The day was grey but dry, the sand more a dusty pale brown than golden. The waves seemed tipped with an unpleasant-smelling foam, and seaweed was smeared on the rocks. Over in the distance, Charley could see some figures – an adult and two children – walking over the rocks, and a single car went past, but otherwise, there was little sign of life. Thalassa nodded to Charley who, relieved, placed the bag on the sand.
Thalassa moved with the staff, creating vast lines in the sand, great sweeping motions that read almost like a dance to Charley. One circle with a symbol in it, like an ancient letter, and then another.
“The good thing is that water holds a memory of magic that has been worked in or on it. And that thing with the sea water in your sister’s room – I don’t quite know what went on, but I’m confident it wasn’t some joker dragging a couple of buckets up the path.”

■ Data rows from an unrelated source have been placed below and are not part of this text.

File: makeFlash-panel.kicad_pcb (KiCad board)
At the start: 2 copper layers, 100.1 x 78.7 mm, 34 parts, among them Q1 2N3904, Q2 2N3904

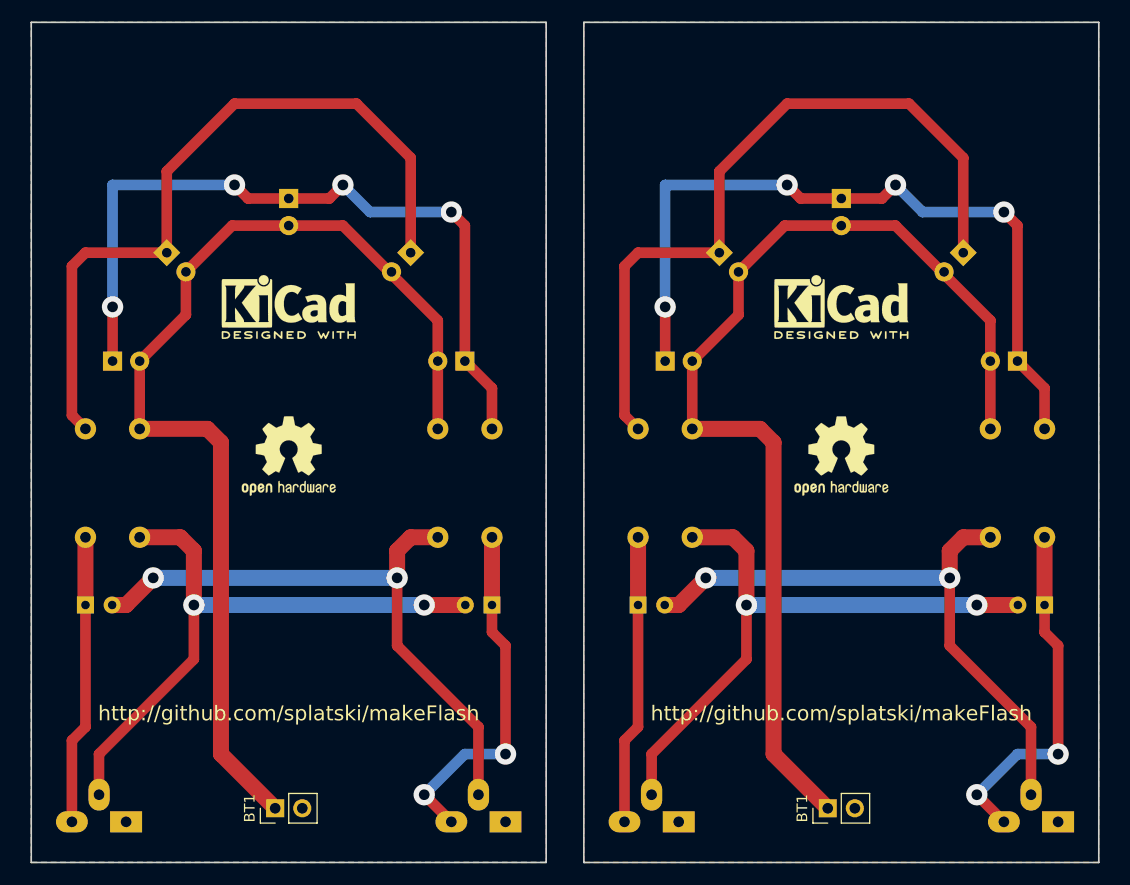
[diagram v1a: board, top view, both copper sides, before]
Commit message: slight reduction in size to definately fit within 100mm
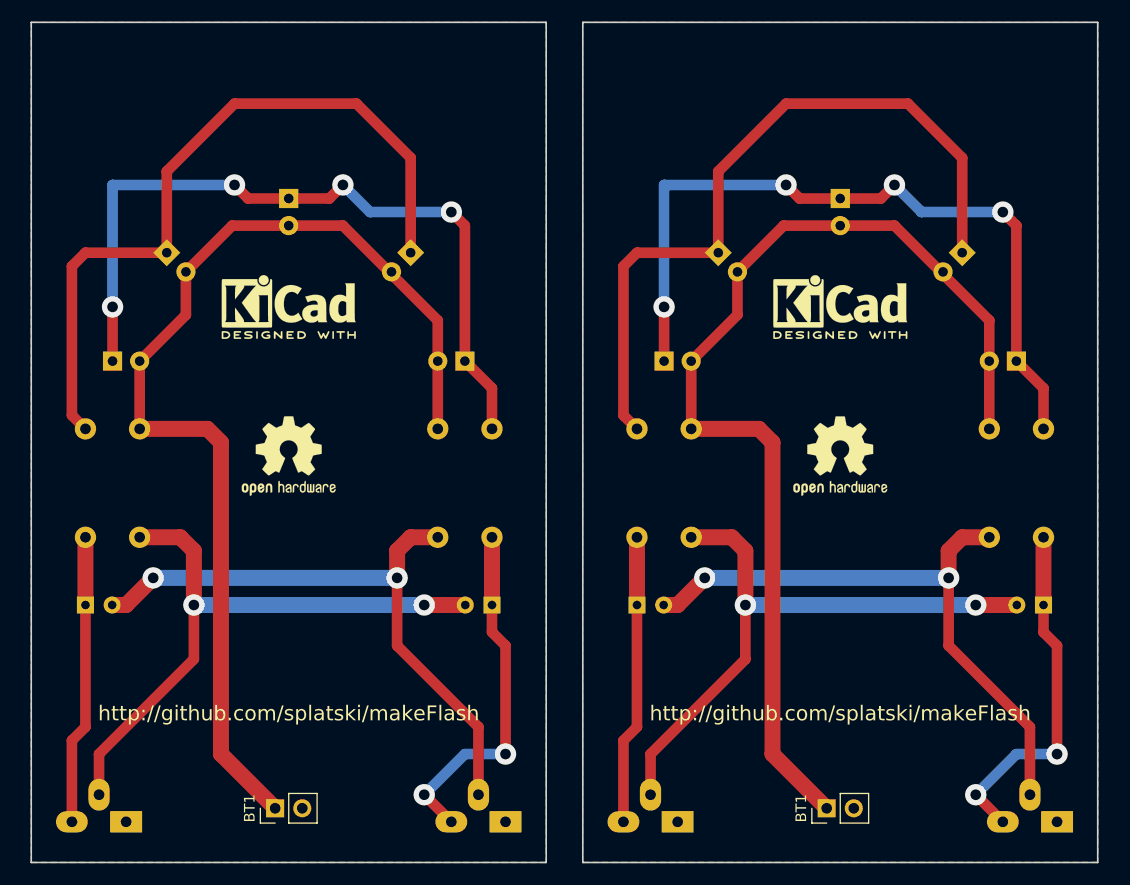
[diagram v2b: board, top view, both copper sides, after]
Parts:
- moved D3 0.10 mm to (136.8, 115.6)
- moved G*** 0.10 mm to (136.8, 133.3)
- moved KiCadLogo 0.10 mm to (136.8, 125.7)
- moved R4 0.10 mm to (150.8, 137.2)
- moved REF*** 0.10 mm to (136.8, 139.7)
- moved D1 0.10 mm to (120.3, 130.8)
- moved D2 0.10 mm to (125.4, 120.6)
- moved Q1 0.10 mm to (121.5, 174.0)
- moved BT1 0.10 mm to (135.5, 172.7)
- moved C1 0.10 mm to (117.7, 153.7)
- moved C2 0.10 mm to (155.8, 153.7)
- moved D4 0.10 mm to (148.2, 120.6)
- moved D5 0.10 mm to (153.3, 130.8)
- moved Q2 0.10 mm to (157.1, 174.0)
- moved R1 0.10 mm to (117.7, 137.2)
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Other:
- board size 100.1 x 78.7 mm -> 100 x 78.7 mm

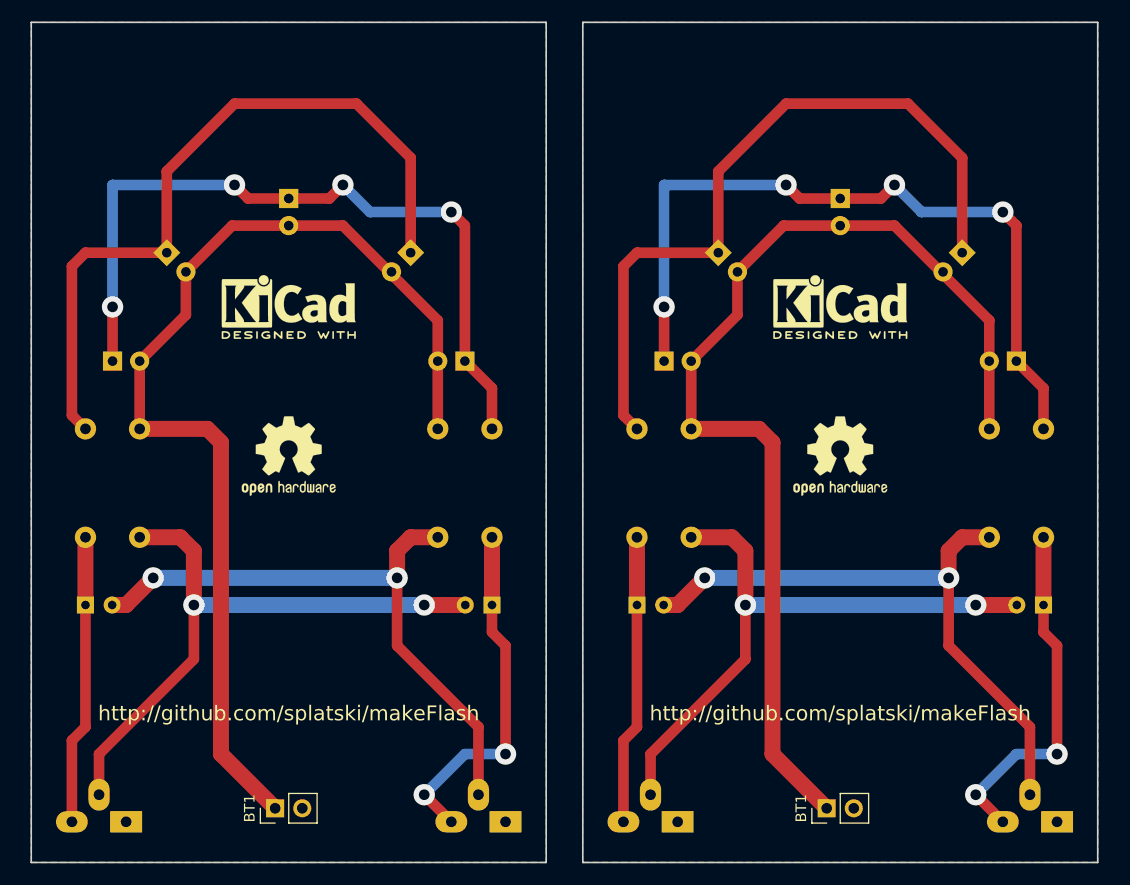
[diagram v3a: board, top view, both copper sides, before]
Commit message: fixed outline to cover board boards
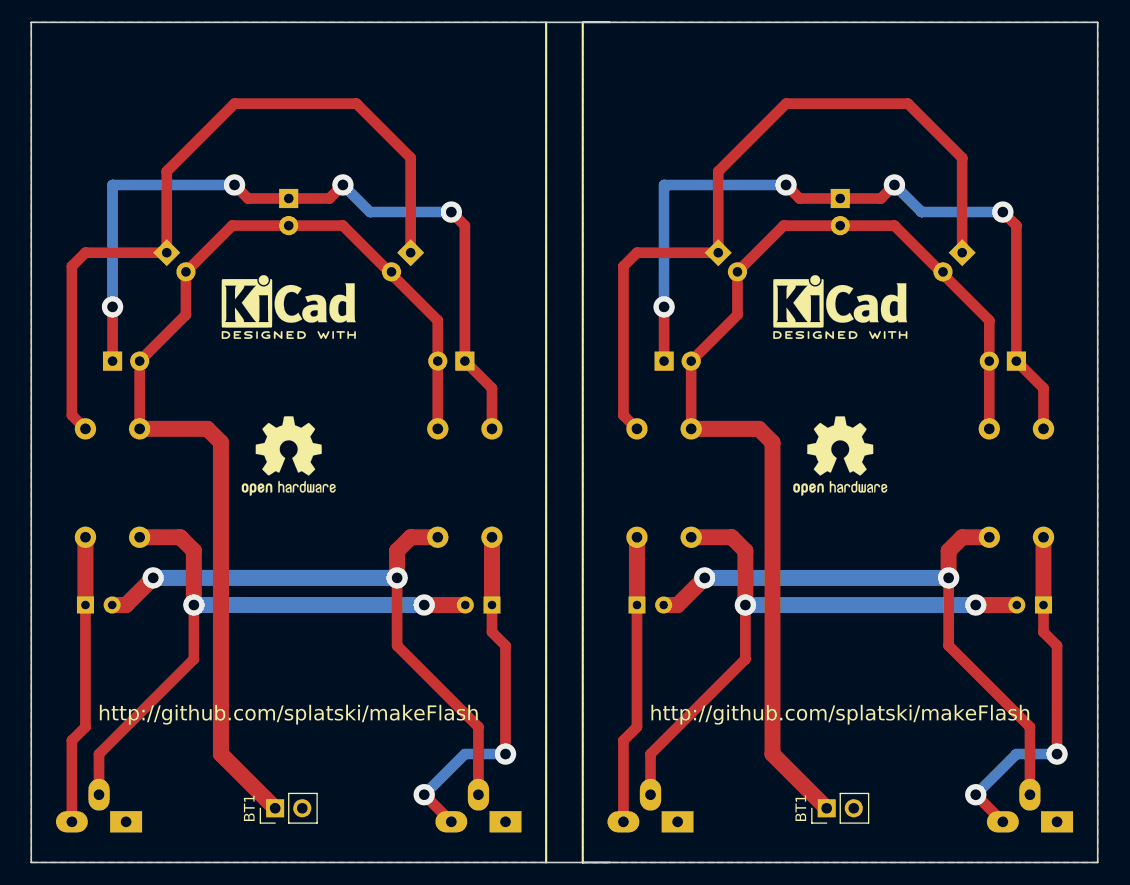
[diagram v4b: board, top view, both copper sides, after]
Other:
- outline, holes or cut-outs redrawn
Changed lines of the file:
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@@
     (area 60.886359 98.979019 160.987021 178.05484)
     (thickness 1.6)
-    (drawings 12)
+    (drawings 13)
     (tracks 152)
     (zones 0)
@@
       (xy -0.017575 -3.712307) (xy 0 -3.712308) (xy 0.139878 -3.712224)) (layer F.SilkS) (width 0.01))
   )
+  (gr_line (start 112.649 177.8) (end 112.7125 177.8) (angle 90) (layer F.SilkS) (width 0.2))
+  (gr_line (start 112.649 99.06) (end 112.649 177.8) (angle 90) (layer F.SilkS) (width 0.2))
+  (gr_line (start 109.22 177.8) (end 109.22 99.06) (angle 90) (layer F.SilkS) (width 0.2))
   (gr_text http://github.com/splatski/makeFlash (at 136.78202 163.82584) (layer F.SilkS)
     (effects (font (size 1.4 1.4) (thickness 0.3)))
   )
-  (gr_line (start 112.65202 99.05584) (end 112.65202 177.79584) (angle 90) (layer Edge.Cuts) (width 0.15))
   (gr_line (start 160.91202 99.05584) (end 112.65202 99.05584) (angle 90) (layer Edge.Cuts) (width 0.15))
   (gr_line (start 160.91202 177.79584) (end 160.91202 99.05584) (angle 90) (layer Edge.Cuts) (width 0.15))
@@
   )
   (gr_line (start 60.96136 99.05402) (end 60.96136 177.79402) (angle 90) (layer Edge.Cuts) (width 0.15))
-  (gr_line (start 109.22136 99.05402) (end 60.96136 99.05402) (angle 90) (layer Edge.Cuts) (width 0.15))
-  (gr_line (start 109.22136 177.79402) (end 109.22136 99.05402) (angle 90) (layer Edge.Cuts) (width 0.15))
-  (gr_line (start 60.96136 177.79402) (end 109.22136 177.79402) (angle 90) (layer Edge.Cuts) (width 0.15))
+  (gr_line (start 115.22136 99.05402) (end 60.96136 99.05402) (angle 90) (layer Edge.Cuts) (width 0.15))
+  (gr_line (start 60.96136 177.79402) (end 115.22136 177.79402) (angle 90) (layer Edge.Cuts) (width 0.15))
   (gr_text http://hobartmakers.com/ (at 85.09136 168.90402) (layer B.SilkS)
     (effects (font (size 1.5 1.5) (thickness 0.3)) (justify mirror))

“Memory like homeopathy?” asked Charley, squinting in the daylight. She instantly panicked that she’d said the wrong thing.
“So, interestingly, the water memory isn’t the most dubious part of homeopathy. That’s solid, if you have a magic worker be part of it, which most of these charlatans don’t. The like-cures-like thing is much more suspicious – arguable for a minority of conditions, but hardly a universal principle. Open the bag.”